Update: service visit was today. The guy showed up within the agreed block of time, and DirecTV sent regular automated phone updates on his progress. He was sharp, smart, and did his due diligence in checking everything out. He listened patiently to my explanation and watched my example of a botched recording that I'd saved. He checked signals, all were well. He then reviewed my cabling and self-installed SWIM setup, and while he said it was all setup correctly he took the time to clean up some of my wiring and remove an unnecessary splitter I had to increase the dB levels (I had an add'l splitter because I used to have three dual-tuner DVRs; now I have one Genie and three Minis.) He also took the time to go up on the (snowy) roof with a meter and ensure optimal dish adjustment.

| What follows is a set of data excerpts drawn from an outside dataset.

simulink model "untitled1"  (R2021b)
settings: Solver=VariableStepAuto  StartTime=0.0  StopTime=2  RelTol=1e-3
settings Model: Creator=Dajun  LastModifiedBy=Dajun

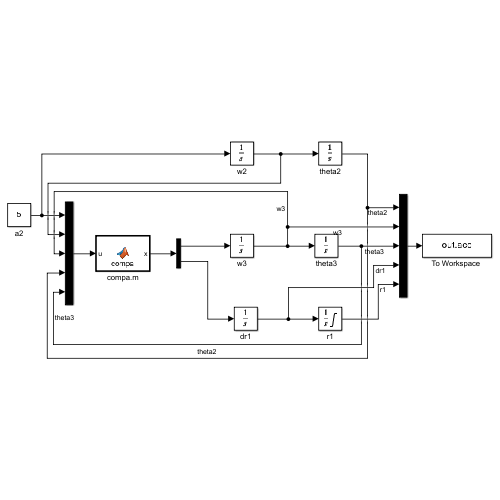
[thumbnail: Simulink's stored preview of the top-level diagram]
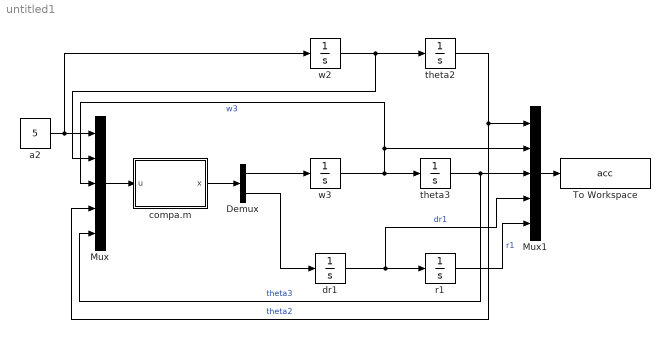
== system untitled1 ==
  Demux : Demux  Outputs=2
  Mux : Mux  Inputs=5
  Mux1 : Mux  Inputs=5
  "To Workspace " : ToWorkspace  VariableName=acc  SampleTime=-1
  a2 : Constant  Value=5
  compa.m : MATLAB Function  TreatAsAtomicUnit=on
  dr1 : Integrator
  r1 : Integrator  InitialCondition=70  LimitOutput=on  UpperSaturationLimit=70  LowerSaturationLimit=40
  theta2 : Integrator
  theta3 : Integrator
  w2 : Integrator
  w3 : Integrator
  wires:
  a2/1 -> w2/1, Mux/1
  Mux/1 -> compa.m/1(u)
  compa.m/1(x) -> Demux/1
  Demux/1 -> w3/1
  Demux/2 -> dr1/1
  w3/1 -> theta3/1, Mux/3, Mux1/2  "w3"
  w2/1 -> Mux/2, theta2/1
  theta2/1 -> Mux/4, Mux1/1  "theta2"
  theta3/1 -> Mux/5, Mux1/3  "theta3"
  dr1/1 -> Mux1/4, r1/1  "dr1"
  r1/1 -> Mux1/5  "r1"
  Mux1/1 -> "To Workspace "/1

== matlab function untitled1/compa.m ==
  data: u input; x output
function x = compa(u)
%u(1) = a2
%u(2) = w2
%u(3) = w3
%u(4) = theta2
%u(5) = theta3
a = zeros(2,2);
b = zeros(2,1);
x = zeros(2,1);
r2 = 15;
r3 = 55;                                     %连杆2、3的长度
a = [r3*sin(u(5)) 1; -r3*cos(u(5)) 0];       %求解运动学方程
% b = [-r2*u(1)*sin(u(2)); r2*u(1)*cos(u(2))];
b = [-r2*cos(u(4))*u(2)^2-r3*cos(u(5))*u(3)^2+r2*sin(u(4))*u(1); r2*cos(u(4))*u(1)-r2*sin(u(4))*u(2)-r3*cos(u(5))*u(3)];
x = inv(a)*b;

At that point he said everything was in good shape and as I patiently listened to his explanation he gave me the "option" (if I wanted) to have him replace the receiver. I asked if he had the newer HR-44 on the truck and he said he did. I accepted his offer and he replaced my -34 with a -44.

I'm pleased with the service, I'm pleased with his thoroughness and cleanup of my installation, and I'm pleased that in the end I got what I think I need to resolve this issue.

Thanks for the feedback here. I'll continue to monitor and if I experience these issues again I'll certainly post it up.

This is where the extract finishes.